Reputation: 584
I'd like to create a class Word
, which houses a word. I'll have an instance of the class for pretty much every word in the dictionary (so lots) -- and no, I cannot use a tree structure to store this for my particular application. Of course, the size of the strings may vary, and I don't want to kill memory. I'd like to do this in a class, as so:
class Word {
public:
...
private:
int len;
LetterData letters[];
};
And then dynamically allocate Word using:
Word *pNewWord = malloc(sizeof(Word)+sizeof(LetterData)*len);
I realize this isn't very C++'ish. So my questions are: first, is there a better way of doing this, and if not, is this going to cause problems? Word will not inherit any other class types (I'm fairly certain that inheritance would kill this...).
Note: memory usage and speed are very important -- I'd like to avoid an extra pointer per word, and I'd like to avoid an extra pointer deference per access...
Upvotes: 5
Views: 1626
Reputation: 2786
Using open sized array as the last member of struct is quite common practice in C. And it was standardized in C99 (2.6.7."flexible array member").
C++ standard says nothing about "flexible array members". So it is not guarantee that it works in C++. But the most of the popular compilers support this feature even for C++:
So actually it is possible to use it, but this is very dangerous practice. You should try to avoid it, and you need to be very careful if you decide to use it.
There are several potential issues if you are using this technique:
So if it is possible it is better to use something else. The solution with for example vector of LetterData as a member of class.
Upvotes: 5
Reputation: 428
The pointers aren't your problem, it's the lack of cache hits from having one object allocated over here and another one allocated elsewhere on the heap for the actual string. If you could allocate it all consecutively you would be in optimal cache hit territory.
I know you said no trees but if you wrote a custom allocator and plugged it into std::map or std::set you could achieve this functionality.
You should check out the cppcon talk on arena allocators.
"CppCon 2017: John Lakos “Local ('Arena') Memory Allocators”
A "simpler" way to achieve this is to maintain two vectors, for Word and a "insert chunk aligned vector for allocating range for LetterData" respectively. Word would get one more field which would be a offset into std::vector (or whatever segment size you choose). You would just placement new into that range and you could also just ignore the destructor, which will speed things up.
I bet once you fatten up your context object it will take just as much space as a map/set node.
Since you'll be stuffing tons of data into this it makes sense to preallocate the memory upfront. Perhaps you can achieve high performance by allocating sets of consecutive ranges in slabs as a opposed to one large consecutive range that will need to be "resized" eventually, which requires creating a new range and copying everything to it.
With all things, measure, measure, and measure before you go off and write a custom stack.

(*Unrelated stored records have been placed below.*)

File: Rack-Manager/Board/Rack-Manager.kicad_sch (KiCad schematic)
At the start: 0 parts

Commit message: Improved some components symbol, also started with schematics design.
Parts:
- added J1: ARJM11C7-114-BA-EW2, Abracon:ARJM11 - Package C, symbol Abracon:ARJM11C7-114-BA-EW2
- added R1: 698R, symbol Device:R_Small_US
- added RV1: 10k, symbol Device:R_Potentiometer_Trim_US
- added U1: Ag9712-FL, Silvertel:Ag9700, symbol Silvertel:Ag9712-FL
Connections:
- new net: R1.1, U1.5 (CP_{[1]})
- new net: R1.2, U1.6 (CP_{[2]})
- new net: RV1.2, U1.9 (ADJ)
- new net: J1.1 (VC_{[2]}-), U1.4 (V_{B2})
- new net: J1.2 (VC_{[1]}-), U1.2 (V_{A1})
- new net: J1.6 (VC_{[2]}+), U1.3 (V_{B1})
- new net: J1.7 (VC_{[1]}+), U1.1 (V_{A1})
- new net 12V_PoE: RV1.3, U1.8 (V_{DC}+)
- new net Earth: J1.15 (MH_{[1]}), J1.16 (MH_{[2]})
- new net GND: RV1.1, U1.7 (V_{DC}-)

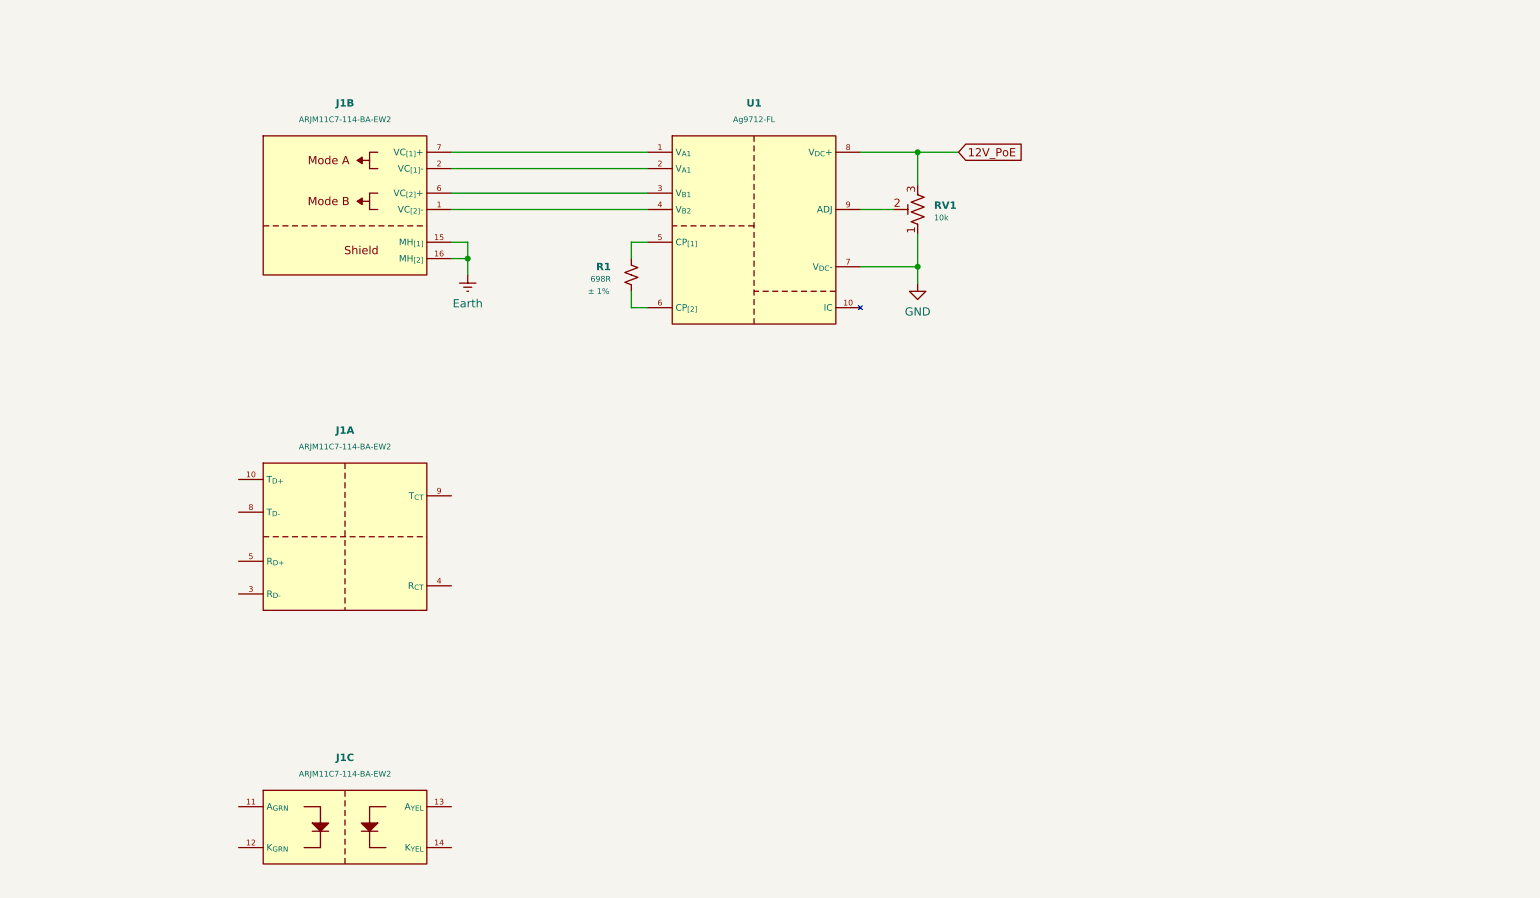
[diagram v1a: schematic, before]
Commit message: Added USB-PD power circuit to the schematics.
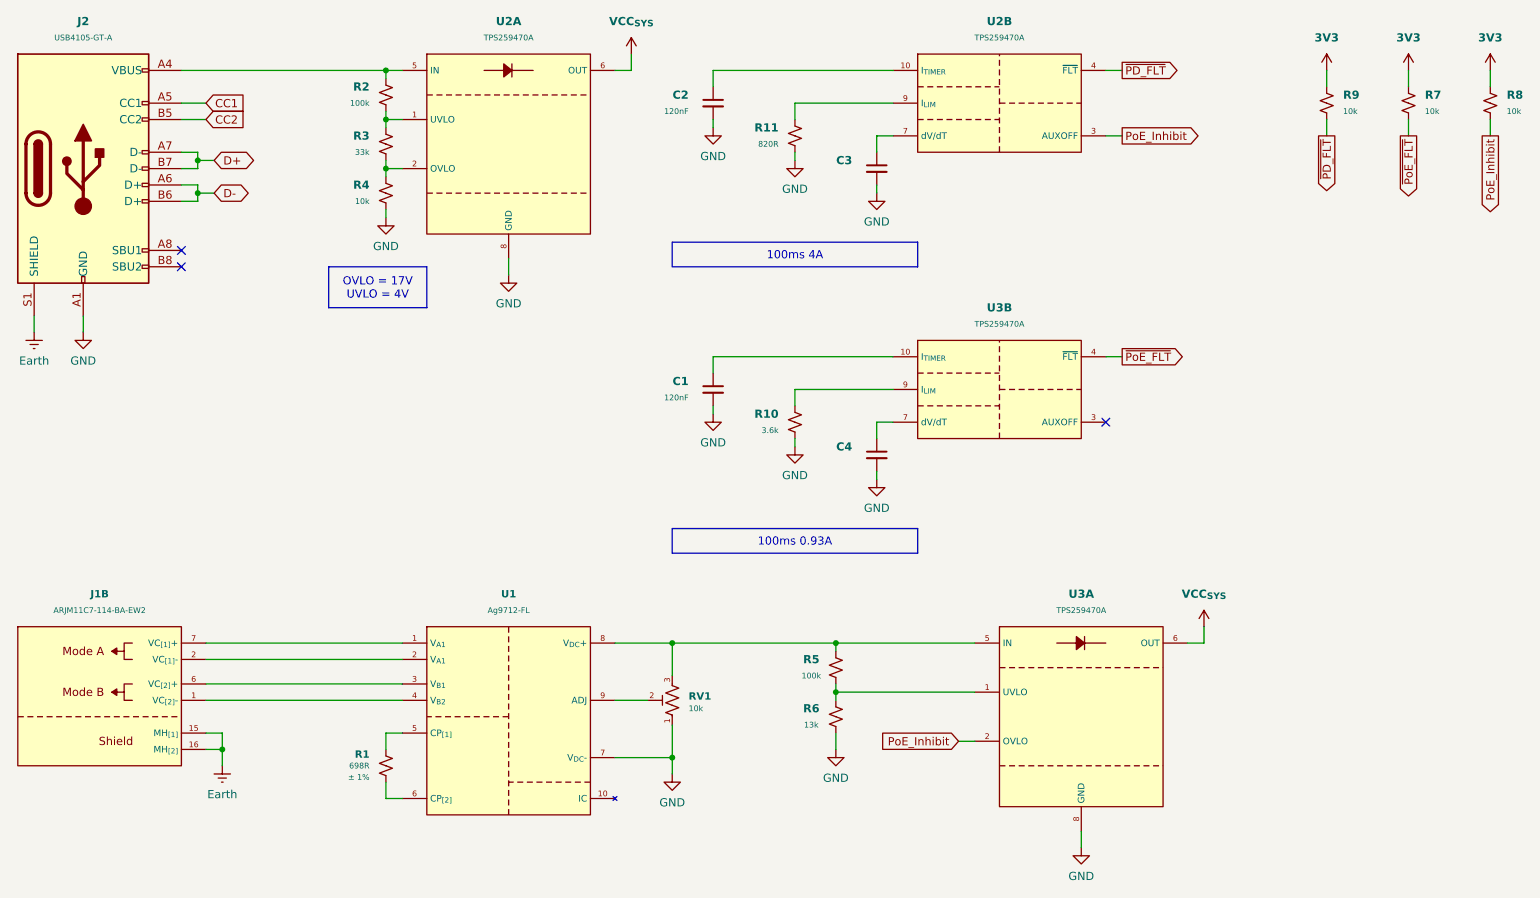
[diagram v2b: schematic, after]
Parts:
- removed unit 1 of J1
- removed unit 3 of J1
- added C1, C2: 120nF, Capacitor_SMD:C_0402_1005Metric, symbol Device:C_Small
- added C3, C4: ~, Capacitor_SMD:C_0402_1005Metric, symbol Device:C_Small
- added J2: USB4105-GT-A, Connector_USB:USB_C_Receptacle_GCT_USB4105-xx-A_16P_TopMnt_Horizontal, symbol Connector:USB_C_Receptacle_USB2.0_16P
- added R10: 3.6k, symbol Device:R_Small_US
- added R11: 820R, symbol Device:R_Small_US
- added R2, R5: 100k, symbol Device:R_Small_US
- added R3: 33k, symbol Device:R_Small_US
- added R4, R7, R8, R9: 10k, symbol Device:R_Small_US
- added R6: 13k, symbol Device:R_Small_US
- added U2, U3: TPS259470A, Texas Instruments:RPW0010A, symbol Texas Instruments:TPS259470A
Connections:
- net Earth: now also J2.S1 (SHIELD)
- net GND: now also C1.2, C2.2, C3.2, C4.2, J2.A1 (GND), J2.A12 (GND), J2.B1 (GND), J2.B12 (GND), R10.2, R11.2, R4.2, R6.1, U2.8 (GND), U3.8 (GND)
- net 12V_PoE: no longer names the net of RV1.3, U1.8 (V_{DC}+)
- net 12V_PoE: now also R5.1, U3.5 (IN)
- new net: C1.1, U3.10 (I_{TIMER})
- new net: J2.A4 (VBUS), J2.A9 (VBUS), J2.B4 (VBUS), J2.B9 (VBUS), R2.1, U2.5 (IN)
- new net: R2.2, R3.1, U2.1 (ENABLE)
- new net: C3.1, U2.7 (dV/dT)
- new net: R3.2, R4.1, U2.2 (OVLO)
- new net: R5.2, R6.2, U3.1 (ENABLE)
- new net: C2.1, U2.10 (I_{TIMER})
- new net: R10.1, U3.9 (I_{LIM})
- new net: R11.1, U2.9 (I_{LIM})
- new net: C4.1, U3.7 (dV/dT)
- new net 3V3: R7.1, R8.1, R9.1
- new net CC1: J2.A5 (CC1)
- new net CC2: J2.B5 (CC2)
- new net D+: J2.A7 (D-), J2.B7 (D-)
- new net D-: J2.A6 (D+), J2.B6 (D+)
- new net PoE_Inhibit: R8.2, U2.3 (AUXOFF), U3.2 (OVLO)
- new net VCC_{SYS}: U2.6 (OUT), U3.6 (OUT)
- new net ~{PD_FLT}: R9.2, U2.4 (~{FLT})
- new net ~{PoE_FLT}: R7.2, U3.4 (~{FLT})
- no-connect marks 0 -> 3
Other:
- moved on the sheet: J1B, R1, RV1, U1

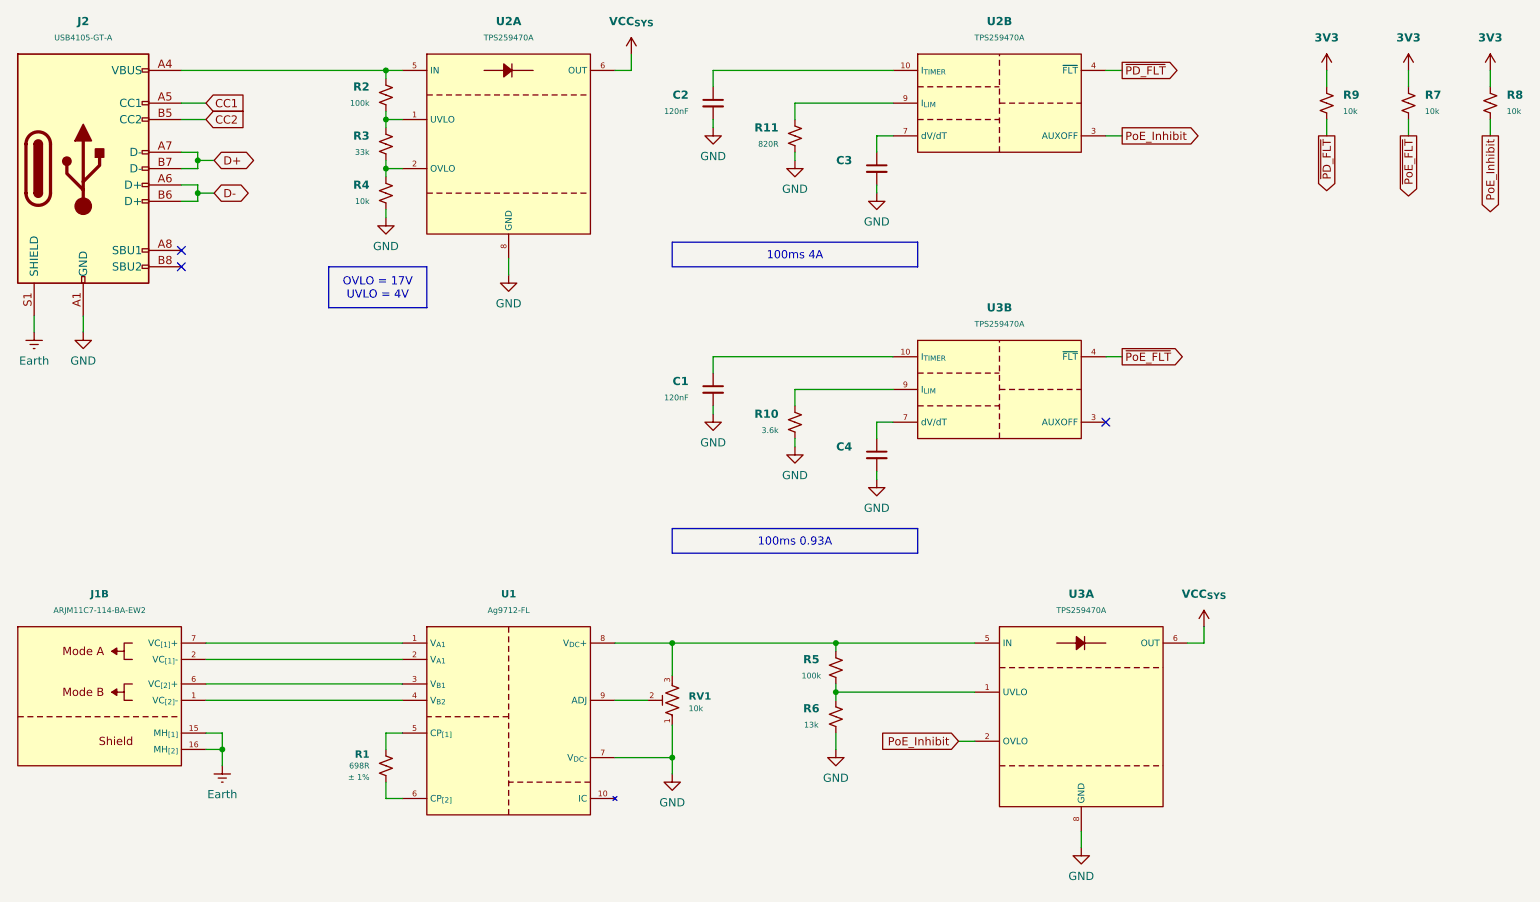
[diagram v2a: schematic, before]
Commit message: Updated Silvertel and Texas Instruments KiCAD libraries. Continued with the schematics design.
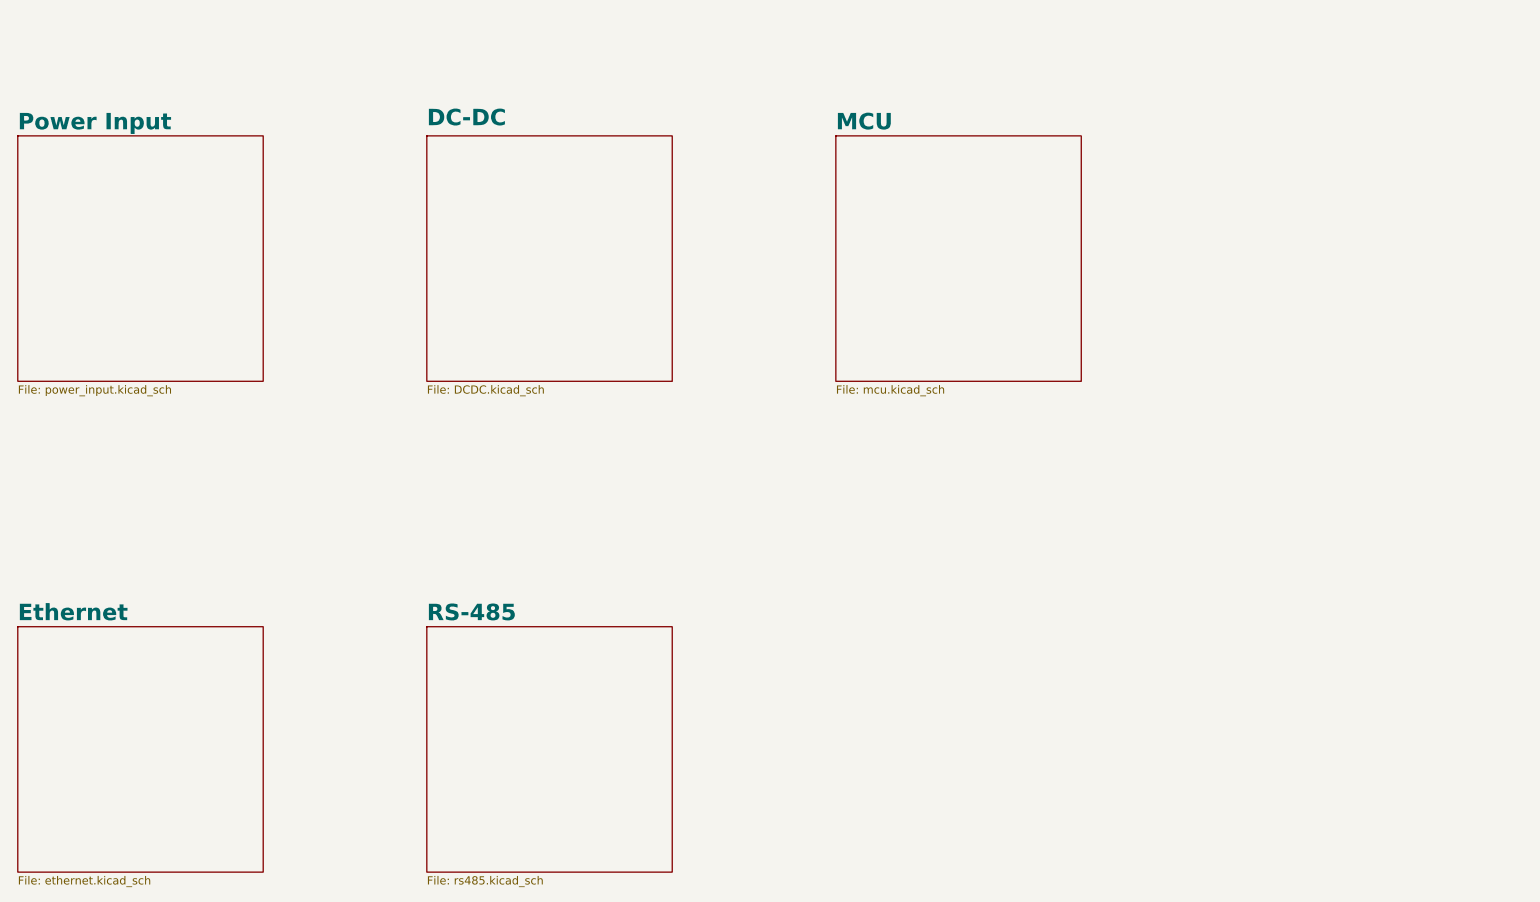
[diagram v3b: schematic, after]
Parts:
- removed C1, C2: 120nF, Capacitor_SMD:C_0402_1005Metric, symbol Device:C_Small
- removed C3, C4: ~, Capacitor_SMD:C_0402_1005Metric, symbol Device:C_Small
- removed J1: ARJM11C7-114-BA-EW2, Abracon:ARJM11 - Package C, symbol Abracon:ARJM11C7-114-BA-EW2
- removed J2: USB4105-GT-A, Connector_USB:USB_C_Receptacle_GCT_USB4105-xx-A_16P_TopMnt_Horizontal, symbol Connector:USB_C_Receptacle_USB2.0_16P
- removed R1: 698R, symbol Device:R_Small_US
- removed R10: 3.6k, symbol Device:R_Small_US
- removed R11: 820R, symbol Device:R_Small_US
- removed R2, R5: 100k, symbol Device:R_Small_US
- removed R3: 33k, symbol Device:R_Small_US
- removed R4, R7, R8, R9: 10k, symbol Device:R_Small_US
- removed R6: 13k, symbol Device:R_Small_US
- removed RV1: 10k, symbol Device:R_Potentiometer_Trim_US
- removed U1: Ag9712-FL, Silvertel:Ag9700, symbol Silvertel:Ag9712-FL
- removed U2, U3: TPS259470A, Texas Instruments:RPW0010A, symbol Texas Instruments:TPS259470A
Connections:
- no-connect marks 3 -> 0
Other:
- added sheet DC-DC (DCDC.kicad_sch)
- added sheet Ethernet (ethernet.kicad_sch)
- added sheet MCU (mcu.kicad_sch)
- added sheet Power Input (power_input.kicad_sch)
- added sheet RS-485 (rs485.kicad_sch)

Generate a range of random word lengths, search a subset, time it etc.
Upvotes: 2
Reputation: 1933
At a compile time, the compiler must be aware of the class size, so no matter what the class contains, the compiler needs to know the size of each member of that class.
Note, however, that the member letters
is a pointer, which has a known size, so even if it points to a memory which can change it's size, it only needs to allocate space to hold that pointer.
If you want to use malloc
to allocate the memory, which I don't recommend in C++, it's enough to give it the size of the class:
Word *pNewWord = reinterpret_cast<Word*>(malloc(sizeof(Word)));
However, if you sticked with C++ and used the new
operator, the line reduces to:
Word *pNewWord = new Word;
Which not only allocates the memory needed, but also calls the class constructor, which is default in your case.
Upvotes: 0
Reputation: 234635
My starting point would be to build what would be, for now, little more than a proxy class for std::string
:
class Word
{
public:
std::size_t getSize() const; // in place of your 'len' member.
private:
std::string m_data;
};
I would then build the rest of my program and only then if there is a performance issue with my Word
class cf. other areas of the program would I attempt to refactor it, replacing m_data
with something else.
My money is on that being unnecessary and your suspicions around the C++ standard library objects not having adequate performance unfounded.
Upvotes: 6